Feb 11 '22 10:02 askeksa-google

It seems like there is general agreement to refactor the opcodes along these lines. I'll try to come up with a coherent design. The main question will be when to land this, since it obviously is a breaking change that we might want to synchronise.

@askeksa-google, I haven't fully digested your suggestion yet either. There are some good ideas that resonate with me, but also a couple of high-level points where we need to be careful:

Unions will need to be deftypes, not heaptypes. Otherwise you can't name and share them between multiple uses. That would create a lot of duplication and size overhead in use cases where unions regularly have more than one component. Exports wouldn't work either.
We need to be careful not to make casts too general. Wasm is supposed to be an assembly language, and it is one of its design goals that, wherever possible, every instruction maps closely to an actual machine instruction. Now, with GC we obviously need to raise the abstraction level to a certain extent (to maintain safety and portability). But it would violate the spirit of Wasm if we introduced instructions that compile into arbitrarily long sequences of machine code – as would ultimately be the case if you allowed unions as the target of casts.

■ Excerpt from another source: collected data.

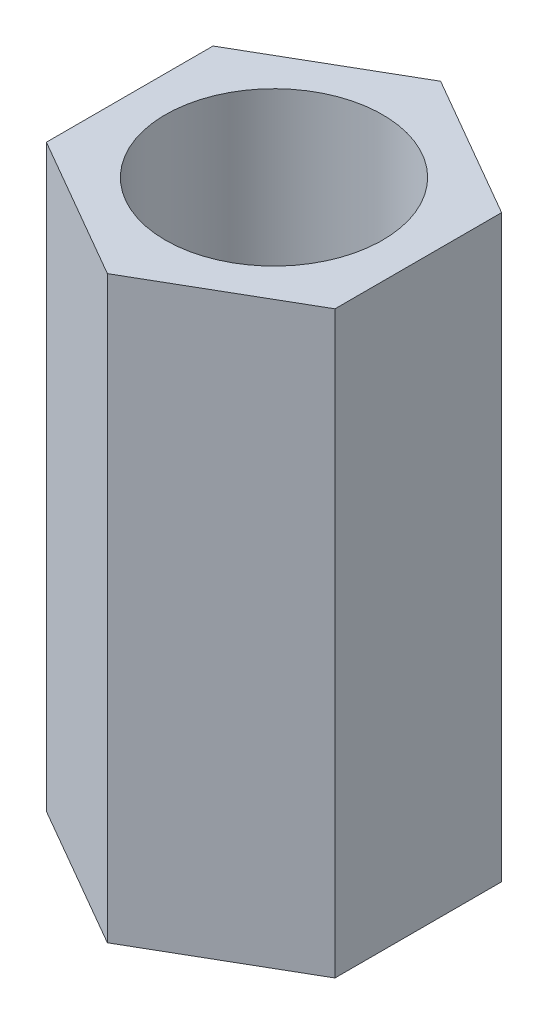
ISO-10303-21;
HEADER;
FILE_DESCRIPTION(('STEP AP214'),'2;1');
FILE_NAME('part.step','',(''),(''),'','','');
FILE_SCHEMA(('AUTOMOTIVE_DESIGN { 1 0 10303 214 1 1 1 1 }'));
ENDSEC;
DATA;
#1=APPLICATION_CONTEXT('core data for automotive mechanical design processes');
#2=APPLICATION_PROTOCOL_DEFINITION('international standard','automotive_design',2000,#1);
#3=PRODUCT_CONTEXT('',#1,'mechanical');
#4=PRODUCT('Part','Part','',(#3));
#5=PRODUCT_RELATED_PRODUCT_CATEGORY('part','',(#4));
#6=PRODUCT_DEFINITION_FORMATION('','',#4);
#7=PRODUCT_DEFINITION_CONTEXT('part definition',#1,'design');
#8=PRODUCT_DEFINITION('design','',#6,#7);
#9=PRODUCT_DEFINITION_SHAPE('','',#8);
#10=(LENGTH_UNIT() NAMED_UNIT(*) SI_UNIT(.MILLI.,.METRE.));
#11=(NAMED_UNIT(*) PLANE_ANGLE_UNIT() SI_UNIT($,.RADIAN.));
#12=(NAMED_UNIT(*) SI_UNIT($,.STERADIAN.) SOLID_ANGLE_UNIT());
#13=UNCERTAINTY_MEASURE_WITH_UNIT(LENGTH_MEASURE(1.E-05),#10,'distance_accuracy_value','');
#14=(GEOMETRIC_REPRESENTATION_CONTEXT(3) GLOBAL_UNCERTAINTY_ASSIGNED_CONTEXT((#13)) GLOBAL_UNIT_ASSIGNED_CONTEXT((#10,
#11,#12)) REPRESENTATION_CONTEXT('',''));
#15=CARTESIAN_POINT('',(0.,0.,0.));
#16=DIRECTION('',(0.,0.,1.));
#17=DIRECTION('',(1.,0.,0.));
#18=AXIS2_PLACEMENT_3D('',#15,#16,#17);
#19=CARTESIAN_POINT('',(0.,8.,0.));
#20=DIRECTION('',(0.,1.,0.));
#21=DIRECTION('',(0.,0.,1.));
#22=AXIS2_PLACEMENT_3D('',#19,#20,#21);
#23=PLANE('',#22);
#24=DIRECTION('',(0.,0.,-1.));
#25=VECTOR('',#24,1.);
#26=CARTESIAN_POINT('',(1.99185842870422,8.,1.14999999999998));
#27=LINE('',#26,#25);
#28=CARTESIAN_POINT('',(1.99185842870422,8.,1.14999999999998));
#29=VERTEX_POINT('',#28);
#30=CARTESIAN_POINT('',(1.9918584287042,8.,-1.15000000000002));
#31=VERTEX_POINT('',#30);
#32=EDGE_CURVE('E137',#29,#31,#27,.T.);
#33=ORIENTED_EDGE('',*,*,#32,.T.);
#34=DIRECTION('',(-0.866025403784443,0.,-0.499999999999992));
#35=VECTOR('',#34,1.);
#36=CARTESIAN_POINT('',(1.9918584287042,8.,-1.15000000000002));
#37=LINE('',#36,#35);
#38=CARTESIAN_POINT('',(0.,8.,-2.3));
#39=VERTEX_POINT('',#38);
#40=EDGE_CURVE('E95',#31,#39,#37,.T.);
#41=ORIENTED_EDGE('',*,*,#40,.T.);
#42=DIRECTION('',(-0.866025403784434,0.,0.500000000000008));
#43=VECTOR('',#42,1.);
#44=CARTESIAN_POINT('',(0.,8.,-2.3));
#45=LINE('',#44,#43);
#46=CARTESIAN_POINT('',(-1.99185842870422,8.,-1.14999999999998));
#47=VERTEX_POINT('',#46);
#48=EDGE_CURVE('E108',#39,#47,#45,.T.);
#49=ORIENTED_EDGE('',*,*,#48,.T.);
#50=DIRECTION('',(0.,0.,1.));
#51=VECTOR('',#50,1.);
#52=CARTESIAN_POINT('',(-1.99185842870422,8.,-1.14999999999998));
#53=LINE('',#52,#51);
#54=CARTESIAN_POINT('',(-1.9918584287042,8.,1.15000000000002));
#55=VERTEX_POINT('',#54);
#56=EDGE_CURVE('E102',#47,#55,#53,.T.);
#57=ORIENTED_EDGE('',*,*,#56,.T.);
#58=DIRECTION('',(0.866025403784443,0.,0.499999999999992));
#59=VECTOR('',#58,1.);
#60=CARTESIAN_POINT('',(-1.9918584287042,8.,1.15000000000002));
#61=LINE('',#60,#59);
#62=CARTESIAN_POINT('',(0.,8.,2.3));
#63=VERTEX_POINT('',#62);
#64=EDGE_CURVE('E106',#55,#63,#61,.T.);
#65=ORIENTED_EDGE('',*,*,#64,.T.);
#66=DIRECTION('',(0.866025403784434,0.,-0.500000000000008));
#67=VECTOR('',#66,1.);
#68=CARTESIAN_POINT('',(0.,8.,2.3));
#69=LINE('',#68,#67);
#70=EDGE_CURVE('E58',#63,#29,#69,.T.);
#71=ORIENTED_EDGE('',*,*,#70,.T.);
#72=EDGE_LOOP('',(#33,#41,#49,#57,#65,#71));
#73=FACE_BOUND('',#72,.T.);
#74=CARTESIAN_POINT('',(0.,8.,0.));
#75=DIRECTION('',(0.,1.,0.));
#76=DIRECTION('',(0.,0.,1.));
#77=AXIS2_PLACEMENT_3D('',#74,#75,#76);
#78=CIRCLE('',#77,1.5);
#79=CARTESIAN_POINT('',(0.,8.,1.5));
#80=VERTEX_POINT('',#79);
#81=EDGE_CURVE('E130',#80,#80,#78,.T.);
#82=ORIENTED_EDGE('',*,*,#81,.F.);
#83=EDGE_LOOP('',(#82));
#84=FACE_BOUND('',#83,.T.);
#85=ADVANCED_FACE('F41',(#73,#84),#23,.T.);
#86=CARTESIAN_POINT('',(0.,0.,0.));
#87=DIRECTION('',(0.,1.,0.));
#88=DIRECTION('',(0.,0.,1.));
#89=AXIS2_PLACEMENT_3D('',#86,#87,#88);
#90=PLANE('',#89);
#91=DIRECTION('',(0.,0.,-1.));
#92=VECTOR('',#91,1.);
#93=CARTESIAN_POINT('',(1.99185842870422,0.,1.14999999999998));
#94=LINE('',#93,#92);
#95=CARTESIAN_POINT('',(1.99185842870422,0.,1.14999999999998));
#96=VERTEX_POINT('',#95);
#97=CARTESIAN_POINT('',(1.9918584287042,0.,-1.15000000000002));
#98=VERTEX_POINT('',#97);
#99=EDGE_CURVE('E126',#96,#98,#94,.T.);
#100=ORIENTED_EDGE('',*,*,#99,.F.);
#101=DIRECTION('',(0.866025403784434,0.,-0.500000000000008));
#102=VECTOR('',#101,1.);
#103=CARTESIAN_POINT('',(0.,0.,2.3));
#104=LINE('',#103,#102);
#105=CARTESIAN_POINT('',(0.,0.,2.3));
#106=VERTEX_POINT('',#105);
#107=EDGE_CURVE('E87',#106,#96,#104,.T.);
#108=ORIENTED_EDGE('',*,*,#107,.F.);
#109=DIRECTION('',(0.866025403784443,0.,0.499999999999992));
#110=VECTOR('',#109,1.);
#111=CARTESIAN_POINT('',(-1.9918584287042,0.,1.15000000000002));
#112=LINE('',#111,#110);
#113=CARTESIAN_POINT('',(-1.9918584287042,0.,1.15000000000002));
#114=VERTEX_POINT('',#113);
#115=EDGE_CURVE('E81',#114,#106,#112,.T.);
#116=ORIENTED_EDGE('',*,*,#115,.F.);
#117=DIRECTION('',(0.,0.,1.));
#118=VECTOR('',#117,1.);
#119=CARTESIAN_POINT('',(-1.99185842870422,0.,-1.14999999999998));
#120=LINE('',#119,#118);
#121=CARTESIAN_POINT('',(-1.99185842870422,0.,-1.14999999999998));
#122=VERTEX_POINT('',#121);
#123=EDGE_CURVE('E116',#122,#114,#120,.T.);
#124=ORIENTED_EDGE('',*,*,#123,.F.);
#125=DIRECTION('',(-0.866025403784434,0.,0.500000000000008));
#126=VECTOR('',#125,1.);
#127=CARTESIAN_POINT('',(0.,0.,-2.3));
#128=LINE('',#127,#126);
#129=CARTESIAN_POINT('',(0.,0.,-2.3));
#130=VERTEX_POINT('',#129);
#131=EDGE_CURVE('E132',#130,#122,#128,.T.);
#132=ORIENTED_EDGE('',*,*,#131,.F.);
#133=DIRECTION('',(-0.866025403784443,0.,-0.499999999999992));
#134=VECTOR('',#133,1.);
#135=CARTESIAN_POINT('',(1.9918584287042,0.,-1.15000000000002));
#136=LINE('',#135,#134);
#137=EDGE_CURVE('E129',#98,#130,#136,.T.);
#138=ORIENTED_EDGE('',*,*,#137,.F.);
#139=EDGE_LOOP('',(#100,#108,#116,#124,#132,#138));
#140=FACE_BOUND('',#139,.T.);
#141=CARTESIAN_POINT('',(0.,0.,0.));
#142=DIRECTION('',(0.,1.,0.));
#143=DIRECTION('',(0.,0.,1.));
#144=AXIS2_PLACEMENT_3D('',#141,#142,#143);
#145=CIRCLE('',#144,1.5);
#146=CARTESIAN_POINT('',(0.,0.,1.5));
#147=VERTEX_POINT('',#146);
#148=EDGE_CURVE('E230',#147,#147,#145,.T.);
#149=ORIENTED_EDGE('',*,*,#148,.T.);
#150=EDGE_LOOP('',(#149));
#151=FACE_BOUND('',#150,.T.);
#152=ADVANCED_FACE('F146',(#140,#151),#90,.F.);
#153=CARTESIAN_POINT('',(1.99185842870422,8.,1.14999999999998));
#154=DIRECTION('',(-1.,0.,0.));
#155=DIRECTION('',(0.,0.,1.));
#156=AXIS2_PLACEMENT_3D('',#153,#154,#155);
#157=PLANE('',#156);
#158=ORIENTED_EDGE('',*,*,#99,.T.);
#159=DIRECTION('',(0.,-1.,0.));
#160=VECTOR('',#159,1.);
#161=CARTESIAN_POINT('',(1.9918584287042,8.,-1.15000000000002));
#162=LINE('',#161,#160);
#163=EDGE_CURVE('E11',#31,#98,#162,.T.);
#164=ORIENTED_EDGE('',*,*,#163,.F.);
#165=ORIENTED_EDGE('',*,*,#32,.F.);
#166=DIRECTION('',(0.,-1.,0.));
#167=VECTOR('',#166,1.);
#168=CARTESIAN_POINT('',(1.99185842870422,8.,1.14999999999998));
#169=LINE('',#168,#167);
#170=EDGE_CURVE('E122',#29,#96,#169,.T.);
#171=ORIENTED_EDGE('',*,*,#170,.T.);
#172=EDGE_LOOP('',(#158,#164,#165,#171));
#173=FACE_BOUND('',#172,.T.);
#174=ADVANCED_FACE('F43',(#173),#157,.F.);
#175=CARTESIAN_POINT('',(1.9918584287042,8.,-1.15000000000002));
#176=DIRECTION('',(-0.499999999999992,0.,0.866025403784443));
#177=DIRECTION('',(0.866025403784443,0.,0.499999999999992));
#178=AXIS2_PLACEMENT_3D('',#175,#176,#177);
#179=PLANE('',#178);
#180=ORIENTED_EDGE('',*,*,#137,.T.);
#181=DIRECTION('',(0.,-1.,0.));
#182=VECTOR('',#181,1.);
#183=CARTESIAN_POINT('',(0.,8.,-2.3));
#184=LINE('',#183,#182);
#185=EDGE_CURVE('E50',#39,#130,#184,.T.);
#186=ORIENTED_EDGE('',*,*,#185,.F.);
#187=ORIENTED_EDGE('',*,*,#40,.F.);
#188=ORIENTED_EDGE('',*,*,#163,.T.);
#189=EDGE_LOOP('',(#180,#186,#187,#188));
#190=FACE_BOUND('',#189,.T.);
#191=ADVANCED_FACE('F171',(#190),#179,.F.);
#192=CARTESIAN_POINT('',(0.,8.,-2.3));
#193=DIRECTION('',(0.500000000000008,0.,0.866025403784434));
#194=DIRECTION('',(0.866025403784434,0.,-0.500000000000008));
#195=AXIS2_PLACEMENT_3D('',#192,#193,#194);
#196=PLANE('',#195);
#197=ORIENTED_EDGE('',*,*,#131,.T.);
#198=DIRECTION('',(0.,-1.,0.));
#199=VECTOR('',#198,1.);
#200=CARTESIAN_POINT('',(-1.99185842870422,8.,-1.14999999999998));
#201=LINE('',#200,#199);
#202=EDGE_CURVE('E117',#47,#122,#201,.T.);
#203=ORIENTED_EDGE('',*,*,#202,.F.);
#204=ORIENTED_EDGE('',*,*,#48,.F.);
#205=ORIENTED_EDGE('',*,*,#185,.T.);
#206=EDGE_LOOP('',(#197,#203,#204,#205));
#207=FACE_BOUND('',#206,.T.);
#208=ADVANCED_FACE('F143',(#207),#196,.F.);
#209=CARTESIAN_POINT('',(-1.99185842870422,8.,-1.14999999999998));
#210=DIRECTION('',(1.,0.,0.));
#211=DIRECTION('',(0.,0.,-1.));
#212=AXIS2_PLACEMENT_3D('',#209,#210,#211);
#213=PLANE('',#212);
#214=ORIENTED_EDGE('',*,*,#123,.T.);
#215=DIRECTION('',(0.,-1.,0.));
#216=VECTOR('',#215,1.);
#217=CARTESIAN_POINT('',(-1.9918584287042,8.,1.15000000000002));
#218=LINE('',#217,#216);
#219=EDGE_CURVE('E113',#55,#114,#218,.T.);
#220=ORIENTED_EDGE('',*,*,#219,.F.);
#221=ORIENTED_EDGE('',*,*,#56,.F.);
#222=ORIENTED_EDGE('',*,*,#202,.T.);
#223=EDGE_LOOP('',(#214,#220,#221,#222));
#224=FACE_BOUND('',#223,.T.);
#225=ADVANCED_FACE('F114',(#224),#213,.F.);
#226=CARTESIAN_POINT('',(-1.9918584287042,8.,1.15000000000002));
#227=DIRECTION('',(0.499999999999992,0.,-0.866025403784443));
#228=DIRECTION('',(-0.866025403784443,0.,-0.499999999999992));
#229=AXIS2_PLACEMENT_3D('',#226,#227,#228);
#230=PLANE('',#229);
#231=ORIENTED_EDGE('',*,*,#115,.T.);
#232=DIRECTION('',(0.,-1.,0.));
#233=VECTOR('',#232,1.);
#234=CARTESIAN_POINT('',(0.,8.,2.3));
#235=LINE('',#234,#233);
#236=EDGE_CURVE('E118',#63,#106,#235,.T.);
#237=ORIENTED_EDGE('',*,*,#236,.F.);
#238=ORIENTED_EDGE('',*,*,#64,.F.);
#239=ORIENTED_EDGE('',*,*,#219,.T.);
#240=EDGE_LOOP('',(#231,#237,#238,#239));
#241=FACE_BOUND('',#240,.T.);
#242=ADVANCED_FACE('F120',(#241),#230,.F.);
#243=CARTESIAN_POINT('',(0.,8.,2.3));
#244=DIRECTION('',(-0.500000000000008,0.,-0.866025403784434));
#245=DIRECTION('',(-0.866025403784434,0.,0.500000000000008));
#246=AXIS2_PLACEMENT_3D('',#243,#244,#245);
#247=PLANE('',#246);
#248=ORIENTED_EDGE('',*,*,#107,.T.);
#249=ORIENTED_EDGE('',*,*,#170,.F.);
#250=ORIENTED_EDGE('',*,*,#70,.F.);
#251=ORIENTED_EDGE('',*,*,#236,.T.);
#252=EDGE_LOOP('',(#248,#249,#250,#251));
#253=FACE_BOUND('',#252,.T.);
#254=ADVANCED_FACE('F151',(#253),#247,.F.);
#255=CARTESIAN_POINT('',(0.,8.,0.));
#256=DIRECTION('',(0.,-1.,0.));
#257=DIRECTION('',(0.,0.,-1.));
#258=AXIS2_PLACEMENT_3D('',#255,#256,#257);
#259=CYLINDRICAL_SURFACE('',#258,1.5);
#260=ORIENTED_EDGE('',*,*,#81,.T.);
#261=EDGE_LOOP('',(#260));
#262=FACE_BOUND('',#261,.T.);
#263=ORIENTED_EDGE('',*,*,#148,.F.);
#264=EDGE_LOOP('',(#263));
#265=FACE_BOUND('',#264,.T.);
#266=ADVANCED_FACE('F153',(#262,#265),#259,.F.);
#267=CLOSED_SHELL('',(#85,#152,#174,#191,#208,#225,#242,#254,#266));
#268=MANIFOLD_SOLID_BREP('B2',#267);
#269=ADVANCED_BREP_SHAPE_REPRESENTATION('',(#18,#268),#14);
#270=SHAPE_DEFINITION_REPRESENTATION(#9,#269);
ENDSEC;
END-ISO-10303-21;

The fact that we allow the union with null in cast targets is already borderline in my view, but it can be argued as long as we view null as special. But I'd rather not stretch that further.
A related point is that, in general, Wasm instructions are designed such that they operate uniformly over the types they allow. When an operation's semantics and implementation is significantly different for different types, then we purposely introduce separate instructions. (The "no overloading" mantra.)

Generally, questions about introducing unions open a big can of worms. I think it works better if we keep this issue focussed on the opcode refactoring and discuss more far-reaching changes separately.

By the way, what is the reason that deftypes (positive-valued heap types) are not valid value types on their own, without a ref type constructor?

Those are very different types. That difference matters in the context of nested compound types (see post-MVP doc): a field that is a struct is quite different from a field that is a reference to a struct.

The positive encoding space of value types does not seem to be used.

There is at least one place where type constructor and type index space overlay already, which is block types: they're either a negative value type or a positive type index denoting a function type signature. So overlaying both in a more global way wouldn't be backwards-compatible.

It could save significant coding space (and possibly decoding overhead) if they were. This would also completely unify the encoding of ref types and heap types, making heap types just a subset of the value types.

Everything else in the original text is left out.